### TASK INSTRUCTIONS
Every line from the top of the records through the one bearing "doc.units = ezdxf.units.MM" is to be reproduced exactly, and pictures are to be left out.

### STORED DATA

►

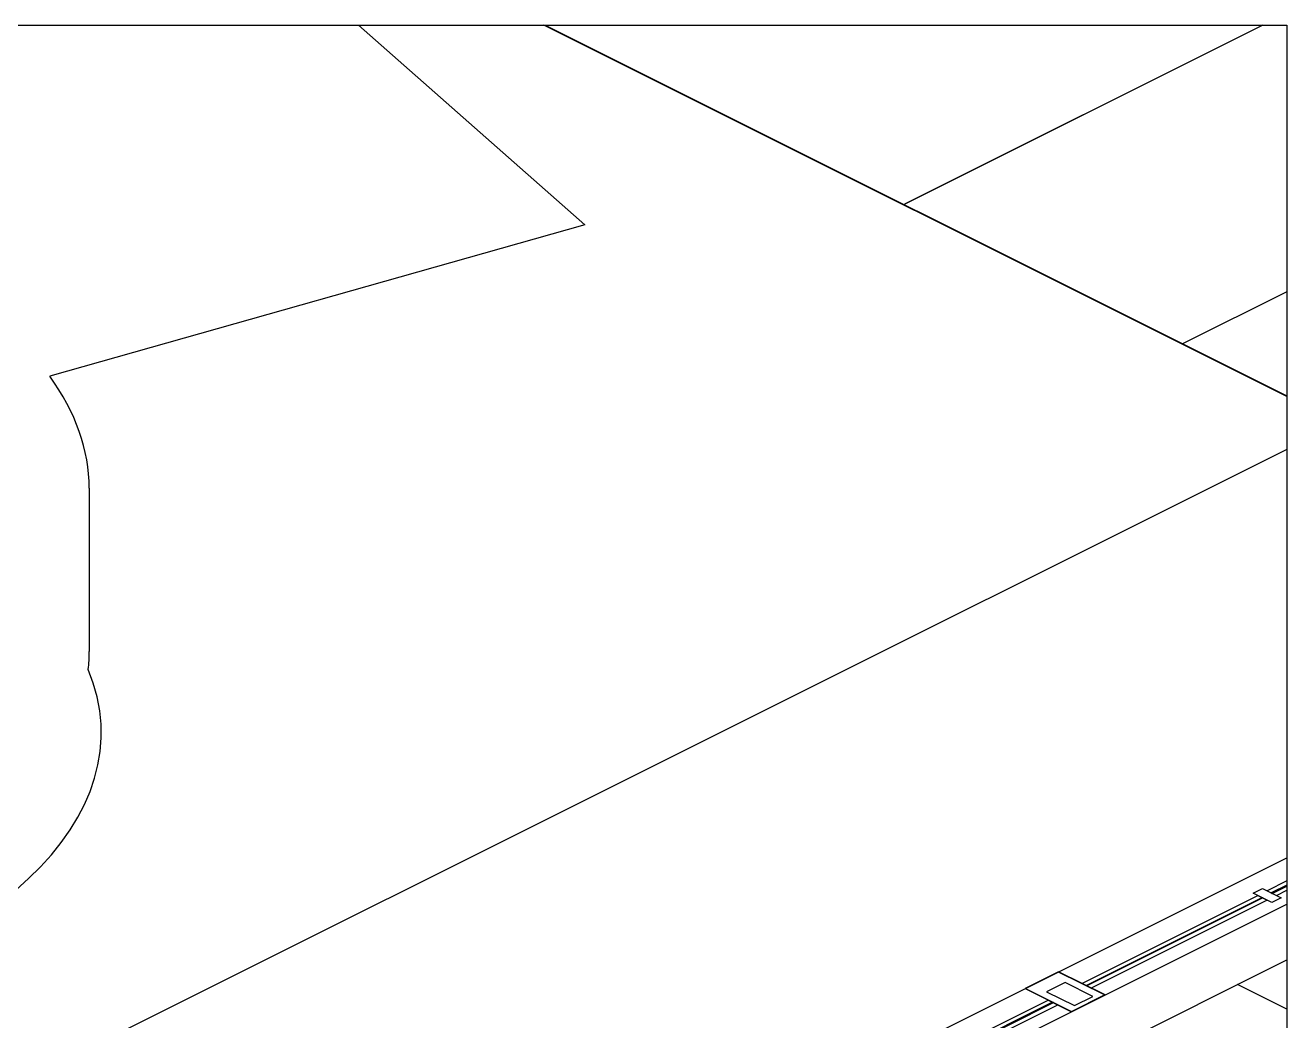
# Model space of a CAD drawing. Header units: millimetres. Extents: x 29838256 to 30236675, y -914750 to -833241.
# Drawn here: x 29975048 to 29979852, y -839924 to -836130 of the extents above; entities that cross this region are included whole.
import ezdxf

# ---------------------------------------------------------------- set-up
doc = ezdxf.new("R2010")
doc.units = ezdxf.units.MM
doc.header["$LTSCALE"] = 600
doc.header["$MEASUREMENT"] = 0
doc.layers.add('e-plan', color=9, linetype='CONTINUOUS')
doc.layers.add('e-text-box', color=7, linetype='CONTINUOUS')

msp = doc.modelspace()

# ---------------------------------------------------------------- linework, layer by layer
at = {"layer": 'e-plan', "extrusion": (0, -0.866025, 0.5)}
for p, q in [((29976316.6, -836130.4, 39588.3), (29977178.5, -836890.9, 38271.1)), ((29979851.8, -837544.9, 37138.3), (29977022.8, -836130.4, 39588.3)), ((29977027.5, -836130.4, 39588.3), (29979851.8, -837542.6, 37142.3)), ((29979760.9, -836130.4, 39588.3), (29978394.2, -836813.8, 38404.7)), ((29979760.9, -836130.4, 39588.3), (29978398.5, -836811.6, 38408.4)), ((29977178.5, -836890.9, 38271.1), (29975141.2, -837468.1, 37271.2)), ((29979851.8, -837145.8, 37829.6), (29979455, -837344.2, 37486)), ((29979851.8, -837145.8, 37829.6), (29979459.3, -837342, 37489.7)), ((29979459.4, -837342, 37489.7), (29979459.4, -837342, 37489.7)), ((29979461.7, -837340.9, 37491.7), (29979461.7, -837340.8, 37491.7)), ((29979472.5, -837355.3, 37466.7), (29979472.5, -837355.3, 37466.7)), ((29979474.8, -837354.1, 37468.7), (29979474.8, -837354.1, 37468.8)), ((29979851.8, -837746.7, 36788.8), (29970263.9, -842540.6, 28485.4)), ((29979851.8, -837746.7, 36788.8), (29970266.2, -842539.4, 28487.5)), ((29975291.4, -837894.9, 36532), (29975291.4, -838517.1, 35454.3)), ((29966828.1, -845814.6, 22814.7), (29979851.8, -839302.8, 34093.5)), ((29979851.8, -839391.2, 33940.4), (29979777.1, -839428.6, 33875.7)), ((29979071.4, -839781.4, 33264.5), (29979741.7, -839446.2, 33845.1)), ((29979724.1, -839437.4, 33860.4), (29979759.4, -839419.7, 33891)), ((29979794.8, -839472.8, 33799.1), (29979724.1, -839437.4, 33860.4)), ((29979741.7, -839446.2, 33845.1), (29979777.1, -839463.9, 33814.5)), ((29979759.4, -839419.7, 33891), (29979830.2, -839455.1, 33829.8)), ((29979777.1, -839428.6, 33875.7), (29979812.5, -839446.2, 33845.1)), ((29979851.8, -839407.1, 33912.8), (29979793, -839436.5, 33861.9)), ((29979793, -839436.5, 33861.9), (29979796.6, -839438.3, 33858.9)), ((29979796.6, -839438.3, 33858.9), (29979851.8, -839410.7, 33906.7)), ((29979812.5, -839446.2, 33845.1), (29979851.8, -839426.6, 33879.1)), ((29967004.9, -845903.1, 22661.5), (29979851.8, -839479.6, 33787.3)), ((29979087.3, -839789.4, 33250.7), (29979757.7, -839454.2, 33831.3)), ((29979761.2, -839456, 33828.2), (29979090.8, -839791.2, 33247.7)), ((29979777.1, -839463.9, 33814.5), (29979106.7, -839799.1, 33233.9)), ((29979757.7, -839454.2, 33831.3), (29979761.2, -839456, 33828.2)), ((29979830.2, -839455.1, 33829.8), (29979794.8, -839472.8, 33799.1)), ((29969904.6, -844665.4, 24805.2), (29979851.8, -839691.8, 33419.8)), ((29978983, -839737.2, 33341.1), (29978855.7, -839800.9, 33230.8)), ((29978983, -839738.1, 33339.6), (29978857.4, -839800.9, 33230.8)), ((29979007.7, -839777.9, 33270.6), (29978937, -839813.3, 33209.4)), ((29979159.8, -839825.6, 33187.9), (29978983, -839737.2, 33341.1)), ((29979158.1, -839825.6, 33187.9), (29978983, -839738.1, 33339.6)), ((29979113.8, -839830.9, 33178.8), (29979007.7, -839777.9, 33270.6)), ((29979106.7, -839799.1, 33233.9), (29979071.4, -839781.4, 33264.5)), ((29978855.7, -839800.9, 33230.8), (29979032.5, -839889.3, 33077.7)), ((29978857.4, -839800.9, 33230.8), (29979032.5, -839888.4, 33079.2)), ((29978937, -839813.3, 33209.4), (29979043.1, -839866.3, 33117.5)), ((29979032.5, -839888.4, 33079.2), (29979158.1, -839825.6, 33187.9)), ((29979032.5, -839889.3, 33077.7), (29979159.8, -839825.6, 33187.9)), ((29979043.1, -839866.3, 33117.5), (29979113.8, -839830.9, 33178.8)), ((29979090.8, -839791.2, 33247.7), (29979087.3, -839789.4, 33250.7)), ((29979851.8, -839879.3, 33094.9), (29979664.3, -839785.6, 33257.4)), ((29978944.1, -839845.1, 33154.3), (29978273.7, -840180.3, 32573.7)), ((29978960, -839853, 33140.5), (29978289.6, -840188.2, 32559.9)), ((29978293.1, -840190, 32556.8), (29978963.5, -839854.8, 33137.4)), ((29978309, -840198, 32543.1), (29978979.4, -839862.8, 33123.6)), ((29978979.4, -839862.8, 33123.6), (29978944.1, -839845.1, 33154.3)), ((29978963.5, -839854.8, 33137.4), (29978960, -839853, 33140.5))]:
    msp.add_line(p, q, dxfattribs=at)
for centre, radius, start, end in [((29972783.9, -387310.9, 743904.3), 2507.4, 0.0253, 19.9298), ((29972790, -388554.3, 743904.3), 2501.4, 356.8733, 0.0012), ((29972960.2, -389172, 743904.3), 2376.7, 292.5012, 11.683)]:
    msp.add_arc(centre, radius, start, end, dxfattribs=at)
at = {"layer": 'e-text-box', "elevation": 0}
msp.add_lwpolyline([(29951323.3, -836130.4), (29979851.8, -836130.4), (29979851.8, -875275.1), (29951323.3, -875275.1)], close=True, dxfattribs=at)

doc.saveas('drawing.dxf')
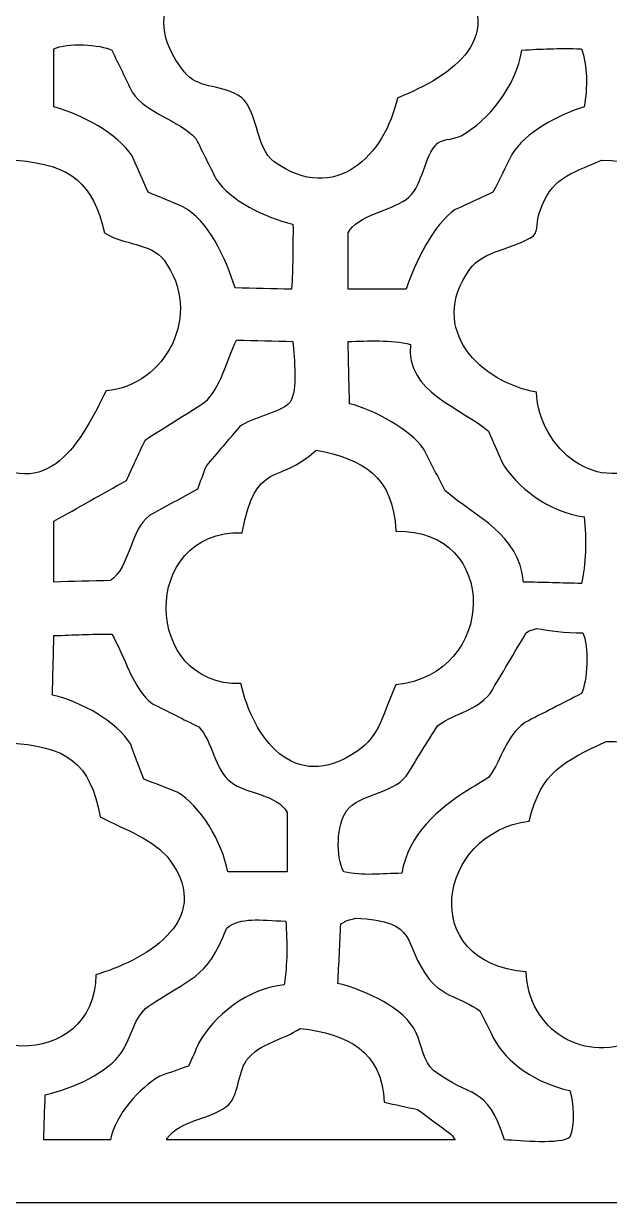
# Model space of a CAD drawing. Header units: centimetres. Extents: x -27.5 to -1.9, y -9.6 to -4.5.
# Drawn here: x -19.989 to -18.742, y -9.553 to -7.043 of the extents above; entities that cross this region are included whole.
import ezdxf

# ---------------------------------------------------------------- set-up
doc = ezdxf.new("R2010")
doc.units = ezdxf.units.CM
doc.header["$MEASUREMENT"] = 0
doc.layers.add('layer 1', color=7, linetype='Continuous')

msp = doc.modelspace()

# ---------------------------------------------------------------- linework, layer by layer
at = {"layer": 'layer 1', "color": 250}
for points, knots in [([(-27.47273, -4.52768), (-27.47273, -4.52768), (-16.31214, -4.52768), (-16.31214, -4.52768), (-16.31214, -4.52768), (-16.31214, -4.52768), (-16.31214, -9.55272), (-16.31214, -9.55272), (-16.31214, -9.55272), (-16.31214, -9.55272), (-27.47273, -9.55272), (-27.47273, -9.55272), (-27.47273, -9.55272), (-27.47273, -9.55272), (-27.47273, -4.52768), (-27.47273, -4.52768)], [0, 0, 0, 0, 0.2, 0.2, 0.2, 0.2, 0.4, 0.4, 0.4, 0.4, 0.6, 0.6, 0.6, 0.6, 1, 1, 1, 1]), ([(-19.39099, -6.70509), (-19.45014, -6.76518), (-19.50298, -6.76637), (-19.52363, -6.87166), (-19.52363, -6.87166), (-19.63631, -6.91658), (-19.75684, -7.00798), (-19.64702, -7.1462), (-19.64702, -7.1462), (-19.61786, -7.1829), (-19.57636, -7.17115), (-19.53289, -7.19556), (-19.53289, -7.19556), (-19.49034, -7.21945), (-19.4965, -7.30834), (-19.45577, -7.33746), (-19.45577, -7.33746), (-19.32481, -7.43105), (-19.21949, -7.32211), (-19.19356, -7.20173), (-19.19356, -7.20173), (-19.07701, -7.15452), (-18.95061, -7.07374), (-19.07017, -6.92719), (-19.07017, -6.92719), (-19.08491, -6.90913), (-19.11846, -6.8866), (-19.14421, -6.88092), (-19.14421, -6.88092), (-19.15963, -6.88092), (-19.17506, -6.88092), (-19.19048, -6.88092), (-19.19048, -6.88092), (-19.21095, -6.86959), (-19.21594, -6.78929), (-19.23058, -6.76987), (-19.23058, -6.76987), (-19.26542, -6.72364), (-19.32836, -6.72498), (-19.39099, -6.70509)], [0, 0, 0, 0, 0.0909091, 0.0909091, 0.0909091, 0.0909091, 0.1818182, 0.1818182, 0.1818182, 0.1818182, 0.2727273, 0.2727273, 0.2727273, 0.2727273, 0.3636364, 0.3636364, 0.3636364, 0.3636364, 0.4545455, 0.4545455, 0.4545455, 0.4545455, 0.5454545, 0.5454545, 0.5454545, 0.5454545, 0.6363636, 0.6363636, 0.6363636, 0.6363636, 0.7272727, 0.7272727, 0.7272727, 0.7272727, 0.8181818, 0.8181818, 0.8181818, 0.8181818, 1, 1, 1, 1]), ([(-19.41875, -7.60892), (-19.41568, -7.56149), (-19.41562, -7.52245), (-19.41567, -7.4701), (-19.41567, -7.4701), (-19.4787, -7.45515), (-19.54716, -7.42115), (-19.57916, -7.37447), (-19.57916, -7.37447), (-19.59355, -7.34569), (-19.60795, -7.31689), (-19.62234, -7.2881), (-19.62234, -7.2881), (-19.66054, -7.24693), (-19.72476, -7.23683), (-19.75807, -7.18939), (-19.75807, -7.18939), (-19.77247, -7.15957), (-19.78686, -7.12975), (-19.80126, -7.09993), (-19.80126, -7.09993), (-19.82507, -7.08751), (-19.89751, -7.08381), (-19.92465, -7.09685), (-19.92465, -7.09685), (-19.92465, -7.13797), (-19.92465, -7.17911), (-19.92465, -7.22024), (-19.92465, -7.22024), (-19.86145, -7.23884), (-19.79143, -7.27589), (-19.75807, -7.32512), (-19.75807, -7.32512), (-19.74676, -7.35082), (-19.73545, -7.37653), (-19.72414, -7.40224), (-19.72414, -7.40224), (-19.69946, -7.41252), (-19.67478, -7.4228), (-19.65011, -7.43308), (-19.65011, -7.43308), (-19.59633, -7.4608), (-19.55799, -7.54407), (-19.53906, -7.60583), (-19.53906, -7.60583), (-19.49896, -7.60686), (-19.45885, -7.60789), (-19.41875, -7.60892)], [0, 0, 0, 0, 0.0769231, 0.0769231, 0.0769231, 0.0769231, 0.1538462, 0.1538462, 0.1538462, 0.1538462, 0.2307692, 0.2307692, 0.2307692, 0.2307692, 0.3076923, 0.3076923, 0.3076923, 0.3076923, 0.3846154, 0.3846154, 0.3846154, 0.3846154, 0.4615385, 0.4615385, 0.4615385, 0.4615385, 0.5384615, 0.5384615, 0.5384615, 0.5384615, 0.6153846, 0.6153846, 0.6153846, 0.6153846, 0.6923077, 0.6923077, 0.6923077, 0.6923077, 0.7692308, 0.7692308, 0.7692308, 0.7692308, 0.8461538, 0.8461538, 0.8461538, 0.8461538, 1, 1, 1, 1]), ([(-19.29845, -7.60892), (-19.25732, -7.60892), (-19.21618, -7.60892), (-19.17506, -7.60892), (-19.17506, -7.60892), (-19.15543, -7.55134), (-19.11712, -7.47085), (-19.07017, -7.43925), (-19.07017, -7.43925), (-19.04344, -7.42692), (-19.0167, -7.41458), (-18.98997, -7.40224), (-18.98997, -7.40224), (-18.97661, -7.37551), (-18.96323, -7.34877), (-18.94987, -7.32203), (-18.94987, -7.32203), (-18.92135, -7.2748), (-18.85166, -7.23826), (-18.79563, -7.22024), (-18.79563, -7.22024), (-18.7891, -7.18024), (-18.78833, -7.13184), (-18.8018, -7.09685), (-18.8018, -7.09685), (-18.85284, -7.09591), (-18.88628, -7.09692), (-18.92828, -7.09993), (-18.92828, -7.09993), (-18.9408, -7.17633), (-18.99965, -7.25102), (-19.05784, -7.28193), (-19.05784, -7.28193), (-19.07846, -7.29289), (-19.09996, -7.28624), (-19.11336, -7.30353), (-19.11336, -7.30353), (-19.1394, -7.33712), (-19.14045, -7.39297), (-19.17506, -7.41766), (-19.17506, -7.41766), (-19.20963, -7.44233), (-19.27819, -7.45082), (-19.29845, -7.48861), (-19.29845, -7.48861), (-19.29845, -7.52871), (-19.29845, -7.56882), (-19.29845, -7.60892)], [0, 0, 0, 0, 0.0769231, 0.0769231, 0.0769231, 0.0769231, 0.1538462, 0.1538462, 0.1538462, 0.1538462, 0.2307692, 0.2307692, 0.2307692, 0.2307692, 0.3076923, 0.3076923, 0.3076923, 0.3076923, 0.3846154, 0.3846154, 0.3846154, 0.3846154, 0.4615385, 0.4615385, 0.4615385, 0.4615385, 0.5384615, 0.5384615, 0.5384615, 0.5384615, 0.6153846, 0.6153846, 0.6153846, 0.6153846, 0.6923077, 0.6923077, 0.6923077, 0.6923077, 0.7692308, 0.7692308, 0.7692308, 0.7692308, 0.8461538, 0.8461538, 0.8461538, 0.8461538, 1, 1, 1, 1]), ([(-20.00485, -7.33437), (-20.04288, -7.36078), (-20.09299, -7.36738), (-20.11899, -7.40532), (-20.11899, -7.40532), (-20.13462, -7.42815), (-20.13073, -7.47998), (-20.14983, -7.50095), (-20.14983, -7.50095), (-20.1865, -7.51744), (-20.22151, -7.52262), (-20.25163, -7.54414), (-20.25163, -7.54414), (-20.32065, -7.59346), (-20.33375, -7.72227), (-20.26397, -7.78166), (-20.26397, -7.78166), (-20.2365, -7.80504), (-20.16153, -7.80818), (-20.14058, -7.83719), (-20.14058, -7.83719), (-20.11301, -7.87537), (-20.12187, -7.93199), (-20.08505, -7.96057), (-20.08505, -7.96057), (-19.93707, -8.07546), (-19.86362, -7.92606), (-19.8136, -7.82485), (-19.8136, -7.82485), (-19.68724, -7.81534), (-19.60486, -7.66017), (-19.69021, -7.54722), (-19.69021, -7.54722), (-19.71876, -7.50944), (-19.777, -7.51528), (-19.81668, -7.48861), (-19.81668, -7.48861), (-19.84211, -7.38433), (-19.88491, -7.3437), (-20.00485, -7.33437)], [0, 0, 0, 0, 0.0909091, 0.0909091, 0.0909091, 0.0909091, 0.1818182, 0.1818182, 0.1818182, 0.1818182, 0.2727273, 0.2727273, 0.2727273, 0.2727273, 0.3636364, 0.3636364, 0.3636364, 0.3636364, 0.4545455, 0.4545455, 0.4545455, 0.4545455, 0.5454545, 0.5454545, 0.5454545, 0.5454545, 0.6363636, 0.6363636, 0.6363636, 0.6363636, 0.7272727, 0.7272727, 0.7272727, 0.7272727, 0.8181818, 0.8181818, 0.8181818, 0.8181818, 1, 1, 1, 1]), ([(-18.75862, -7.33437), (-18.83008, -7.3647), (-18.865, -7.37134), (-18.89126, -7.44542), (-18.89126, -7.44542), (-18.89743, -7.46282), (-18.89266, -7.48308), (-18.9036, -7.49478), (-18.9036, -7.49478), (-18.9437, -7.52358), (-19.01085, -7.52556), (-19.03933, -7.56573), (-19.03933, -7.56573), (-19.13152, -7.69576), (-19.01451, -7.80732), (-18.89743, -7.82793), (-18.89743, -7.82793), (-18.8918, -7.94886), (-18.76628, -8.05336), (-18.65065, -7.97291), (-18.65065, -7.97291), (-18.60507, -7.94121), (-18.60903, -7.86015), (-18.56736, -7.82793), (-18.56736, -7.82793), (-18.50364, -7.77866), (-18.44817, -7.8079), (-18.41312, -7.71688), (-18.41312, -7.71688), (-18.3671, -7.59735), (-18.474, -7.50242), (-18.57353, -7.50095), (-18.57353, -7.50095), (-18.58514, -7.39935), (-18.64402, -7.33287), (-18.75862, -7.33437)], [0, 0, 0, 0, 0.1, 0.1, 0.1, 0.1, 0.2, 0.2, 0.2, 0.2, 0.3, 0.3, 0.3, 0.3, 0.4, 0.4, 0.4, 0.4, 0.5, 0.5, 0.5, 0.5, 0.6, 0.6, 0.6, 0.6, 0.7, 0.7, 0.7, 0.7, 0.8, 0.8, 0.8, 0.8, 1, 1, 1, 1]), ([(-19.92465, -8.23203), (-19.88455, -8.231), (-19.84444, -8.22998), (-19.80434, -8.22895), (-19.80434, -8.22895), (-19.76198, -8.20057), (-19.76304, -8.12143), (-19.72105, -8.09013), (-19.72105, -8.09013), (-19.68713, -8.07163), (-19.65319, -8.05311), (-19.61926, -8.03461), (-19.61926, -8.03461), (-19.61309, -8.01816), (-19.60692, -8.0017), (-19.60075, -7.98525), (-19.60075, -7.98525), (-19.5771, -7.95749), (-19.55345, -7.92972), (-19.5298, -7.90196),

◄

### ANSWER TO THIS PROBLEM
# Model space of a CAD drawing. Header units: millimetres. Extents: x 29838256 to 30236675, y -914750 to -833241.
# Drawn here: x 29975048 to 29979852, y -839924 to -836130 of the extents above; entities that cross this region are included whole.
import ezdxf

# ---------------------------------------------------------------- set-up
doc = ezdxf.new("R2010")
doc.units = ezdxf.units.MM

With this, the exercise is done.